Vexera - Vexera unresponsive – Incident details

All systems operational

Vexera unresponsive

Resolved
Major outage
Started over 2 years agoLasted 20 minutes

Affected

Bot

Major outage from 6:45 PM to 7:05 PM

Commands processing

Major outage from 6:45 PM to 7:05 PM

Updates
  • Resolved
    Resolved

    Vexera was unresponsive for about 10 minutes (18:44-18:53 UTC). This issue is due to the deployment of a bogus update.

    The update was quickly tested on our beta instance before the deployment, and no issues were found (we used only very simple tests/commands).
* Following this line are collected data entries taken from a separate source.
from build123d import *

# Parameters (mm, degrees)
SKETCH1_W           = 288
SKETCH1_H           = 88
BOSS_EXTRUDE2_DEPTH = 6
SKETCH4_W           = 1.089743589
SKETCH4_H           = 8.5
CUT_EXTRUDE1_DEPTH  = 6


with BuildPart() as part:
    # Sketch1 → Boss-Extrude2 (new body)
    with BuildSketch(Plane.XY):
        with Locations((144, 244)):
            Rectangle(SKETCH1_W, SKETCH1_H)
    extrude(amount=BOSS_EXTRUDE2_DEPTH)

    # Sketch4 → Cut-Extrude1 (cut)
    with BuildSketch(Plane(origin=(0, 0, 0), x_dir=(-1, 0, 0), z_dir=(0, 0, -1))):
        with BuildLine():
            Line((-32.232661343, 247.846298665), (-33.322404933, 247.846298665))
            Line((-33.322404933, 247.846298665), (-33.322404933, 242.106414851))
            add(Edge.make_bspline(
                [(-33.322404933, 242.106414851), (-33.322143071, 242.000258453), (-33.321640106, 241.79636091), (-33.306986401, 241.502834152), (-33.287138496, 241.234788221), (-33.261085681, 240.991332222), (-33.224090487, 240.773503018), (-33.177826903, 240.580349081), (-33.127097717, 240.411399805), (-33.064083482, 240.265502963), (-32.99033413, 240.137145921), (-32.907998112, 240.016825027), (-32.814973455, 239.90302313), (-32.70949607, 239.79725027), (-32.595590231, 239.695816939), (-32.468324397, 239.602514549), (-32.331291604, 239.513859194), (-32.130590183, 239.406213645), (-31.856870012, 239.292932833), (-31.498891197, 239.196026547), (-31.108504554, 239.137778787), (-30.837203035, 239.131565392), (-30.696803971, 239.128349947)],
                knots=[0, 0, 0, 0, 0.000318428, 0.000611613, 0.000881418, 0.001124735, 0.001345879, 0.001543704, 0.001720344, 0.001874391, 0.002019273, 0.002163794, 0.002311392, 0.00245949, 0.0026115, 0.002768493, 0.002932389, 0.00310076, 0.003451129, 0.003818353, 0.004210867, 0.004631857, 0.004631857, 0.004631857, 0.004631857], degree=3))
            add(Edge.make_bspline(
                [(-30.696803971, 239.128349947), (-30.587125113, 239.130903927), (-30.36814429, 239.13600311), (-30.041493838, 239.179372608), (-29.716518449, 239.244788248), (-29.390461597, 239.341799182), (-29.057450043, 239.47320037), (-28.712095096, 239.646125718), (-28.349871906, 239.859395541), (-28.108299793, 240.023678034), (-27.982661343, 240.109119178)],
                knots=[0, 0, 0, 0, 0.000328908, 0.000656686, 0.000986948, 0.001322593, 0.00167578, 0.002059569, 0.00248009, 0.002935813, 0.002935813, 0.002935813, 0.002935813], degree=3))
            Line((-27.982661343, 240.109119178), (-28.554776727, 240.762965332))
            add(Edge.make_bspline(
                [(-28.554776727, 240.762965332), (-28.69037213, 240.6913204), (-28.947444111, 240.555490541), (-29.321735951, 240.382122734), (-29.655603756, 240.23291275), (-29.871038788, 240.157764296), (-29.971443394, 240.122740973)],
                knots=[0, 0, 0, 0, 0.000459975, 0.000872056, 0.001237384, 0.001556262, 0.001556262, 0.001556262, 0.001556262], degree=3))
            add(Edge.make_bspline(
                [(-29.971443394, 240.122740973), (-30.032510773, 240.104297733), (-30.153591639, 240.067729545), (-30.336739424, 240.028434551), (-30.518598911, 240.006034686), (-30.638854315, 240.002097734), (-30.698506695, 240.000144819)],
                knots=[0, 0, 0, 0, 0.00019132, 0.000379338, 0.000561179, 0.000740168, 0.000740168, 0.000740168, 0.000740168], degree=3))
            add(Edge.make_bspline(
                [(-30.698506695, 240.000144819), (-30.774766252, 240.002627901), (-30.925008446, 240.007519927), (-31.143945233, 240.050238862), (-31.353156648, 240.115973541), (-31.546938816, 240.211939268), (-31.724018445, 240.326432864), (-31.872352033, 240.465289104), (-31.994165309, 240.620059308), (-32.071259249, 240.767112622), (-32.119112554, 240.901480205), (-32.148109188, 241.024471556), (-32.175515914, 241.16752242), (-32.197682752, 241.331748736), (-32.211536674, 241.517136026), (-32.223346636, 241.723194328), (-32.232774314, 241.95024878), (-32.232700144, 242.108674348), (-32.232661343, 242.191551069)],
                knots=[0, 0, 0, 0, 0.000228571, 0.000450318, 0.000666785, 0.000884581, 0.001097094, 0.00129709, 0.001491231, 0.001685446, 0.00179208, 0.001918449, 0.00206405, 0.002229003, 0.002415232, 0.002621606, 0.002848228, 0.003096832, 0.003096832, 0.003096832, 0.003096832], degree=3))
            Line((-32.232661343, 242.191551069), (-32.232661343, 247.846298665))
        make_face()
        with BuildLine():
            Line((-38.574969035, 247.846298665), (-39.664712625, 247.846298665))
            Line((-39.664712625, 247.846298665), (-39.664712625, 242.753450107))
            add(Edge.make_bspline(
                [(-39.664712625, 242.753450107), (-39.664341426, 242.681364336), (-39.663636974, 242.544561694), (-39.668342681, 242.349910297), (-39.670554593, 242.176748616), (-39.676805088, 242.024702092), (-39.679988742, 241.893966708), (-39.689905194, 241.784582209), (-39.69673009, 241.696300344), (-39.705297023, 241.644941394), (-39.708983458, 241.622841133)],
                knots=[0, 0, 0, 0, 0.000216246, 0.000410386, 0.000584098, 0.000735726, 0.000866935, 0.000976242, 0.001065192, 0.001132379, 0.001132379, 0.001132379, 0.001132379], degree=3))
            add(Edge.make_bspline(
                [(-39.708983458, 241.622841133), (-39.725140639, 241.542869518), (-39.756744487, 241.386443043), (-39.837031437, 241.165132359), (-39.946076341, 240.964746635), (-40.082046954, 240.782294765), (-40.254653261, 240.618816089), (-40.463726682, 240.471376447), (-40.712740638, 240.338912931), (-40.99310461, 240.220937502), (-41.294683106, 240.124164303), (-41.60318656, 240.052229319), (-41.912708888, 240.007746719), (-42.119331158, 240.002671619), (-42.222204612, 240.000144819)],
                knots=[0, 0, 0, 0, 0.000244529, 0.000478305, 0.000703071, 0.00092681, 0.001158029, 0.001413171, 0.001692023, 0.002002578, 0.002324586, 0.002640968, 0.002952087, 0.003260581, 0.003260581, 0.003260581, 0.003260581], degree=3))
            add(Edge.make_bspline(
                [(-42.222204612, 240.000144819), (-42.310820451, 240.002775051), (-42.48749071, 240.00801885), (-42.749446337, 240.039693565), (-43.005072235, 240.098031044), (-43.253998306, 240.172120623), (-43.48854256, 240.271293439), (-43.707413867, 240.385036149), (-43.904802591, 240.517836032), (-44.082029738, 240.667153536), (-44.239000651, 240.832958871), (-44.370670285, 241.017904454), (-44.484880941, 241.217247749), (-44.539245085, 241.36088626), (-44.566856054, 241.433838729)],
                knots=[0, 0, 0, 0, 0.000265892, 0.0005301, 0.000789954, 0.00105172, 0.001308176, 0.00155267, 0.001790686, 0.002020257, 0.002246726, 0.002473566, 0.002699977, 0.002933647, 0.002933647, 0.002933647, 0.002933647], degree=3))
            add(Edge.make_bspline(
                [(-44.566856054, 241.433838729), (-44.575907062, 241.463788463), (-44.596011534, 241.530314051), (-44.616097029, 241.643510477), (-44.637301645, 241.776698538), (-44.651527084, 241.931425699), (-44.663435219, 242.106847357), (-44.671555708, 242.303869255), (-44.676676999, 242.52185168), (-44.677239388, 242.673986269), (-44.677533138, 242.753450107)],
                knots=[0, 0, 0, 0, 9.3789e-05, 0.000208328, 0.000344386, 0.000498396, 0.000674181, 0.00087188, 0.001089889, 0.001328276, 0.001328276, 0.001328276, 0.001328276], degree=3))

Edit: See at the end
    The issue was therefore only identified when the update got deployed to our production instance, as alarms about high errors rate fired.

    We immediately initiated a rollback, but an issue in our orchestrator prevented it from automatically receiving the rollback instruction, delaying the recovery of Vexera.

    Please accept our apologies for this outage 😦


    Edit: After investigation, it looks like we had almost zero chances to identify the bug.
    The bug occurs only if the user sending the message doesn't have any configuration option set in our database (eg. if you never used +userlocale or such commands). We actually have user config set on our accounts on both our dev and beta instances…

  • Monitoring
    Monitoring

    We rolled back an update and currently monitoring the result.

  • Investigating
    Investigating

    Our monitoring system fired an alert regarding elevated errors rate. We are investigating!